• **YOUR INSTRUCTIONS**
Among the lines below, copy exactly those from the one with "#253=FACE_BOUND('',#252,.T.);" through the one with "#260=ORIENTED_EDGE('',*,*,#65,.T.);", counting both ends.

________________

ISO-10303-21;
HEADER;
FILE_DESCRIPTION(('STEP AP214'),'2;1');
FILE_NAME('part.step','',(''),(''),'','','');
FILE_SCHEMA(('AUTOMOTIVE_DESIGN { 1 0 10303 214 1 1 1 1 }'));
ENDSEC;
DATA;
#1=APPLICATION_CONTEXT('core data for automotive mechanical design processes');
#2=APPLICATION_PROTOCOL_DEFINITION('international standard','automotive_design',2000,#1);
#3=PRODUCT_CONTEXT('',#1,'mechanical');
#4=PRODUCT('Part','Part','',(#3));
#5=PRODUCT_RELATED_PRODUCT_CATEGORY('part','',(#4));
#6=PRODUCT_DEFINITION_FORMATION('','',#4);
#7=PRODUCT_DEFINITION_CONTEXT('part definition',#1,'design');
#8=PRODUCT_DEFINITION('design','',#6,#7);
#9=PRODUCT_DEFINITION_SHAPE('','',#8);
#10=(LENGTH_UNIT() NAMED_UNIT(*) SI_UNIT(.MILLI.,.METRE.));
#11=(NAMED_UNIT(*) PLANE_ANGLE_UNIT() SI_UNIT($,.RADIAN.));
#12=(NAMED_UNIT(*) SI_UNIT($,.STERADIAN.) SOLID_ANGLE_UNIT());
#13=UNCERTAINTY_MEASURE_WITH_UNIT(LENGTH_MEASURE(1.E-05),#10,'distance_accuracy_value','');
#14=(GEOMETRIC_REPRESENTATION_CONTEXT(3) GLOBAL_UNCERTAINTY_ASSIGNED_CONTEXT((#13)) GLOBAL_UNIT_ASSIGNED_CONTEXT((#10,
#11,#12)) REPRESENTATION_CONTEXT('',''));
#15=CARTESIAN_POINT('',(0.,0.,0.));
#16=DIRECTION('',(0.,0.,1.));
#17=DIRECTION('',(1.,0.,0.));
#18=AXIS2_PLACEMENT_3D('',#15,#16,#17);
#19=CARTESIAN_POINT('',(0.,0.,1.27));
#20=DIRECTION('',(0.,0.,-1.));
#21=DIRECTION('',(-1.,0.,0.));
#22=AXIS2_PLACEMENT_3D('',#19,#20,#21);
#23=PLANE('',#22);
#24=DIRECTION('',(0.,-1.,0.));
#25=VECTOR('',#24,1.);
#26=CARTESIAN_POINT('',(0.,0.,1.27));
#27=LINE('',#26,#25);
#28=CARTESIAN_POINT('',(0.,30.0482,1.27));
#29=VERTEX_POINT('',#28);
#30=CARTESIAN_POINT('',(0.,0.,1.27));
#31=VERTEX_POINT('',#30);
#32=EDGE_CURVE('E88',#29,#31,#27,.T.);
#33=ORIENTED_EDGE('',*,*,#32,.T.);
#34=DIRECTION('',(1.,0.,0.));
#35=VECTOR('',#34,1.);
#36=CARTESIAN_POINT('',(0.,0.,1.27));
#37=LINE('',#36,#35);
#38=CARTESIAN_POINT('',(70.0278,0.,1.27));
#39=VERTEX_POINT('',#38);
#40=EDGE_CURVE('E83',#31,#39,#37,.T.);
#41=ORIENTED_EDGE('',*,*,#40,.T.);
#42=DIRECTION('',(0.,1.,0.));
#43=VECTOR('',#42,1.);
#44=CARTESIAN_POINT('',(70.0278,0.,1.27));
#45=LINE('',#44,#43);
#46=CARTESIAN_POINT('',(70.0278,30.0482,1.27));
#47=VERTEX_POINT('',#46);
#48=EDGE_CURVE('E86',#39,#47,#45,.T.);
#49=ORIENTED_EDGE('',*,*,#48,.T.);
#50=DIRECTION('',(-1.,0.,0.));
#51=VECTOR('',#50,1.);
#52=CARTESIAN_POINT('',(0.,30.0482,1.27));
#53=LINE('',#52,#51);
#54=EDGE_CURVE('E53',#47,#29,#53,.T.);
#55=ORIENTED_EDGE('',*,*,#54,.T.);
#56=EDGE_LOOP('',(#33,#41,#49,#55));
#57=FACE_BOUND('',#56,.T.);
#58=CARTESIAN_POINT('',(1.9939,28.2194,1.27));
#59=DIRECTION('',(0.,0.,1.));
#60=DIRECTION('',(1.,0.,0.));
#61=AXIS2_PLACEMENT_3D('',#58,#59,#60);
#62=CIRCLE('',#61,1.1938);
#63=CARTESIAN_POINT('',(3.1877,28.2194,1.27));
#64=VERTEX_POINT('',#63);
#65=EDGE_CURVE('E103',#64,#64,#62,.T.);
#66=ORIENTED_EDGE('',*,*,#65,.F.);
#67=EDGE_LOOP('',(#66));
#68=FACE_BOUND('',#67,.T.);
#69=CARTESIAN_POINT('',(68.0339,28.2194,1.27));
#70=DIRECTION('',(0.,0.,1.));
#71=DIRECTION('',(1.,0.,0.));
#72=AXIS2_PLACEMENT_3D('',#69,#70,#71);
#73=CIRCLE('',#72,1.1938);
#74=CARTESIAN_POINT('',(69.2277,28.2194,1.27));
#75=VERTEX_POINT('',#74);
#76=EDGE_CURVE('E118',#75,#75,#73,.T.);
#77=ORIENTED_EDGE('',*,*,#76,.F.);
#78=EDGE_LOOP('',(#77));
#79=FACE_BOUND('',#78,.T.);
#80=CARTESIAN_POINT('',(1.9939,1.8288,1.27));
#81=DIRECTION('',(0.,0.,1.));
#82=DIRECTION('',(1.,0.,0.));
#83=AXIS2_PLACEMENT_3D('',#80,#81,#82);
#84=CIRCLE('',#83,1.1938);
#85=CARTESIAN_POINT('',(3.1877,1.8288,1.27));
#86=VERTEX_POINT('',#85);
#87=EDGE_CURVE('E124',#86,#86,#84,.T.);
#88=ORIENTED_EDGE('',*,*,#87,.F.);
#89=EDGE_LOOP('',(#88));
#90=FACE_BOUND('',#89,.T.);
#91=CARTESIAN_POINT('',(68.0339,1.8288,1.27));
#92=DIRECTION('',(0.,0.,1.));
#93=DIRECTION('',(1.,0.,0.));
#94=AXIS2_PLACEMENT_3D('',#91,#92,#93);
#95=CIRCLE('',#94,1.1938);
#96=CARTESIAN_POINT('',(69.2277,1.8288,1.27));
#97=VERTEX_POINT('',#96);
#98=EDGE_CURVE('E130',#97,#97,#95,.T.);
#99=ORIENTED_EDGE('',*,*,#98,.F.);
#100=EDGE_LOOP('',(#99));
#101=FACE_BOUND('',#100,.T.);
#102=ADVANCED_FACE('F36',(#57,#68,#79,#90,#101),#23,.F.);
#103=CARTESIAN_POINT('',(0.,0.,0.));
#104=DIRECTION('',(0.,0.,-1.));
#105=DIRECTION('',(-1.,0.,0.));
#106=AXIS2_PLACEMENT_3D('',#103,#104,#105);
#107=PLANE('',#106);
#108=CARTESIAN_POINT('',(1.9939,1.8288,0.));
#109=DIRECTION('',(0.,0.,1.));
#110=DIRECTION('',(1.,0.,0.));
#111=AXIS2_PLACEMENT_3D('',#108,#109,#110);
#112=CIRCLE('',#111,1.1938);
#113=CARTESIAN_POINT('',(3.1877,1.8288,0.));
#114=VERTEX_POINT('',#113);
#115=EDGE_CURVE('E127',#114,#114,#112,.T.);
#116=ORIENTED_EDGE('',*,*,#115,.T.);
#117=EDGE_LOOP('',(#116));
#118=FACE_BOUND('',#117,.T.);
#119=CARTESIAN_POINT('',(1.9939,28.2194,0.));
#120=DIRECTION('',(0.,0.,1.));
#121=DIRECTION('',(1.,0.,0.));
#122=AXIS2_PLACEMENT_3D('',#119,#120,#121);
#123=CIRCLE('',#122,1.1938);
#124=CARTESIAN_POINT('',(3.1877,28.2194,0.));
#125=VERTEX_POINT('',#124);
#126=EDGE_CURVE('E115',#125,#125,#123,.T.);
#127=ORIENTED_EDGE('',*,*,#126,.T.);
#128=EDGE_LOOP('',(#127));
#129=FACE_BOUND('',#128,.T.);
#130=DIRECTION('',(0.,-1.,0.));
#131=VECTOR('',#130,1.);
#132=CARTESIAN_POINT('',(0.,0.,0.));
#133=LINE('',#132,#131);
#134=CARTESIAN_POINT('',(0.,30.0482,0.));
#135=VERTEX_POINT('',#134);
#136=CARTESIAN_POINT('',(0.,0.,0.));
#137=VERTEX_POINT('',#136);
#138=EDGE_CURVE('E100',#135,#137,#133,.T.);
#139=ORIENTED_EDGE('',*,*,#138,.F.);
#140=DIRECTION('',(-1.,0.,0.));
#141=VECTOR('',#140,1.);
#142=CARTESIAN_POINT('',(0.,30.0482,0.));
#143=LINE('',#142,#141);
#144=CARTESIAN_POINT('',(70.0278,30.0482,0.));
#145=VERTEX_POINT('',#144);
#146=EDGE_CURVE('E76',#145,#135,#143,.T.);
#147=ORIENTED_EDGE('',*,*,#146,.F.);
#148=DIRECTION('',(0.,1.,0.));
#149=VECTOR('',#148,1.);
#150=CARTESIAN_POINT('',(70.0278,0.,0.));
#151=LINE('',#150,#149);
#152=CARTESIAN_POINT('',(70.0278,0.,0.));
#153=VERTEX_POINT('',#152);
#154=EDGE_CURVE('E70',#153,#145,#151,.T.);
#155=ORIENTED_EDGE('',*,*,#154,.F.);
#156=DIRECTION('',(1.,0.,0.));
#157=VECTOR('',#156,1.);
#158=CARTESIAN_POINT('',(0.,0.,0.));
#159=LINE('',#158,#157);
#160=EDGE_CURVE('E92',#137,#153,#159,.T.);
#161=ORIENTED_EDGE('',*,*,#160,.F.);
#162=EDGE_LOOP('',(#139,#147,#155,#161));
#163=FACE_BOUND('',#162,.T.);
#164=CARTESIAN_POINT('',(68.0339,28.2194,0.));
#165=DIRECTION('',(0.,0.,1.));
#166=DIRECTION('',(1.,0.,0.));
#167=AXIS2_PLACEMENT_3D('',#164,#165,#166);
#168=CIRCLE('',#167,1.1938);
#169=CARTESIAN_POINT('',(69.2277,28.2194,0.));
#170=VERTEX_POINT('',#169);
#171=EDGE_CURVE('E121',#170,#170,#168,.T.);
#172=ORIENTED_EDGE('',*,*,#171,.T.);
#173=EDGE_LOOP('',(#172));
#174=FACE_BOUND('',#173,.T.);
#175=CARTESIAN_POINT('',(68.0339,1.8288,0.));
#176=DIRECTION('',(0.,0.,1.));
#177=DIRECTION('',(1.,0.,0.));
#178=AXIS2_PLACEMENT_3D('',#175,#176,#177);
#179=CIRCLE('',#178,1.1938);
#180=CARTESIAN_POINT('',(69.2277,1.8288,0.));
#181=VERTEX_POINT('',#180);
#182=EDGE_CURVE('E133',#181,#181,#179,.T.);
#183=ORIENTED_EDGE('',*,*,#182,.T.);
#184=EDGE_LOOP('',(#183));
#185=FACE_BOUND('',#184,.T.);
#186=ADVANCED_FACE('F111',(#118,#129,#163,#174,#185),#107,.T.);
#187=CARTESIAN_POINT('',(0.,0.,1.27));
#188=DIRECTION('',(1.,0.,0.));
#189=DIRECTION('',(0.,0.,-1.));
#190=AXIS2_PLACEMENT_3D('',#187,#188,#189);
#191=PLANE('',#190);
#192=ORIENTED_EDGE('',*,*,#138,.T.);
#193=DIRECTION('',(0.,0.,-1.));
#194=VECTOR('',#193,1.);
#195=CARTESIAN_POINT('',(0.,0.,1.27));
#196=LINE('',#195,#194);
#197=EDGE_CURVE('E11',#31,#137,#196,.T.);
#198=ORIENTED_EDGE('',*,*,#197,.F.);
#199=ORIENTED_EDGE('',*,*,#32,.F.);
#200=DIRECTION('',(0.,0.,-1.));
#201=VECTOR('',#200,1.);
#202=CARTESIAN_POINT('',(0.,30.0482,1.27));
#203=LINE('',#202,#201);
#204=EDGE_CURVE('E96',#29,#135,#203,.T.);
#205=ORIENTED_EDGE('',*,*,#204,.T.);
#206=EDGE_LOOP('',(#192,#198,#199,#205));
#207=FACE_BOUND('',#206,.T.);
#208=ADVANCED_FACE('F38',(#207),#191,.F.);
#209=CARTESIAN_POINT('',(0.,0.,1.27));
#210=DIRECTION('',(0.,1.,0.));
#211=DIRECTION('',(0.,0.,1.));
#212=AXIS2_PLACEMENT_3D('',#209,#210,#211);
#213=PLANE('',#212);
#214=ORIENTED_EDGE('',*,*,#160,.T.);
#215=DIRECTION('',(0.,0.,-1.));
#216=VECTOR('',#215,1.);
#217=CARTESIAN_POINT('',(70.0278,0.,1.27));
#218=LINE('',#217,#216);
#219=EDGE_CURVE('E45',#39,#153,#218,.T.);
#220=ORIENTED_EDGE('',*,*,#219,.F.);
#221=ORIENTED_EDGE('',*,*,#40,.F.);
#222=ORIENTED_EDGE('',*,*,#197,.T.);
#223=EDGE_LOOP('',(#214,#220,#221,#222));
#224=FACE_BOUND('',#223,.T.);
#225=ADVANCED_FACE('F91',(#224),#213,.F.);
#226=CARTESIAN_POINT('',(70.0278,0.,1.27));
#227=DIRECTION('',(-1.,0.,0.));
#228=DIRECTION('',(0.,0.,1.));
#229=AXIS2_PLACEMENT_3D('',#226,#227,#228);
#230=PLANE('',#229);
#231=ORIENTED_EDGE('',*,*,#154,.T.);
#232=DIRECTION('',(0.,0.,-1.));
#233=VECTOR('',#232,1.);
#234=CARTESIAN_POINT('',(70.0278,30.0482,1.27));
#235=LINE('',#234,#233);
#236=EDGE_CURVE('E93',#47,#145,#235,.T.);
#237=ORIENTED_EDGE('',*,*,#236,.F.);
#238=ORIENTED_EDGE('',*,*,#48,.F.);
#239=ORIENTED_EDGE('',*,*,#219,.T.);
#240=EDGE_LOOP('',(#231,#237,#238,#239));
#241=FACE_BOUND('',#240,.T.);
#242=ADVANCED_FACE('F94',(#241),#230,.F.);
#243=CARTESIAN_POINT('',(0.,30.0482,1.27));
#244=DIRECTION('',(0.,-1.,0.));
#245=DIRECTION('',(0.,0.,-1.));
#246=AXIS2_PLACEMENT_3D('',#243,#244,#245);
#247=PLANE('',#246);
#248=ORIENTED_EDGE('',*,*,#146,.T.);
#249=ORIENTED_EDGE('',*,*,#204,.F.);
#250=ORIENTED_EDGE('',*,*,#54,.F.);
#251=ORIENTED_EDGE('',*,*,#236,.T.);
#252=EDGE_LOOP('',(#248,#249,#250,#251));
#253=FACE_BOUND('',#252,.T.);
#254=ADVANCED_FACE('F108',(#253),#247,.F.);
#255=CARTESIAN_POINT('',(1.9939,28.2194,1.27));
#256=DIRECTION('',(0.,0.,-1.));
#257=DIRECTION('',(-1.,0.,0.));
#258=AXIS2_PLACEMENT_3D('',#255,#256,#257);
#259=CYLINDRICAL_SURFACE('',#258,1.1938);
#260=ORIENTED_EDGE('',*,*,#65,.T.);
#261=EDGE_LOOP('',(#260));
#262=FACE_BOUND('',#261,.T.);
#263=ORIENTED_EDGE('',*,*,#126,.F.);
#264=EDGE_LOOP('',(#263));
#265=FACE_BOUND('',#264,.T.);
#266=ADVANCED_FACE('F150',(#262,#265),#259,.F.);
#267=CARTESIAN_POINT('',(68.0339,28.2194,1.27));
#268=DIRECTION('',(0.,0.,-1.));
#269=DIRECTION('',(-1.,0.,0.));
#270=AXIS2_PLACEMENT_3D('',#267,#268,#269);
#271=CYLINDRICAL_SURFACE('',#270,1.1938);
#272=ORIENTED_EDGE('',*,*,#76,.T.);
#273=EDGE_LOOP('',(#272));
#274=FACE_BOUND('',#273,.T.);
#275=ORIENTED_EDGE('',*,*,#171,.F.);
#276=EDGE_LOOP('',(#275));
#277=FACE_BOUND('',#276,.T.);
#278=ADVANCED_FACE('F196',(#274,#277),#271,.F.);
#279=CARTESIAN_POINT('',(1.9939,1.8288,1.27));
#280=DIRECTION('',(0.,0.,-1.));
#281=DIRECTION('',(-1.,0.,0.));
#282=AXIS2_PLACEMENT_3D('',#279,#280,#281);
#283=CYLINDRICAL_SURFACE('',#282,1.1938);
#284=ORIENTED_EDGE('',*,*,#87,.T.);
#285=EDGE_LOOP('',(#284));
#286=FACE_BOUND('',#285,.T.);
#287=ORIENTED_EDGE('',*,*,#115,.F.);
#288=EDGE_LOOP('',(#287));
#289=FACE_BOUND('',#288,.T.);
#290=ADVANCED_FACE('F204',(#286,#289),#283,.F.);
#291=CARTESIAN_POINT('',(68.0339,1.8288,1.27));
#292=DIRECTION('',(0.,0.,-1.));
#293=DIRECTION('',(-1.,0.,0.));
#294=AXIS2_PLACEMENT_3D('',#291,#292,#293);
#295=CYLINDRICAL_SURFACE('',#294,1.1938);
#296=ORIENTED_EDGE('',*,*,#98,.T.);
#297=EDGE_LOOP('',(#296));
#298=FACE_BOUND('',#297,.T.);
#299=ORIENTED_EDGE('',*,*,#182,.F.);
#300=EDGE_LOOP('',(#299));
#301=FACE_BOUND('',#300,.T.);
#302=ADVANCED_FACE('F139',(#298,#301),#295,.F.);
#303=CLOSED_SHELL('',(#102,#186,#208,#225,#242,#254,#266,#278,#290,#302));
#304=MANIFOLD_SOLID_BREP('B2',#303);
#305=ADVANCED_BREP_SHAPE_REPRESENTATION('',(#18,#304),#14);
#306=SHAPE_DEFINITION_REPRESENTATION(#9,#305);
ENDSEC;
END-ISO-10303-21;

________________

• **PROBLEM SOLUTION**
#253=FACE_BOUND('',#252,.T.);
#254=ADVANCED_FACE('F108',(#253),#247,.F.);
#255=CARTESIAN_POINT('',(1.9939,28.2194,1.27));
#256=DIRECTION('',(0.,0.,-1.));
#257=DIRECTION('',(-1.,0.,0.));
#258=AXIS2_PLACEMENT_3D('',#255,#256,#257);
#259=CYLINDRICAL_SURFACE('',#258,1.1938);
#260=ORIENTED_EDGE('',*,*,#65,.T.);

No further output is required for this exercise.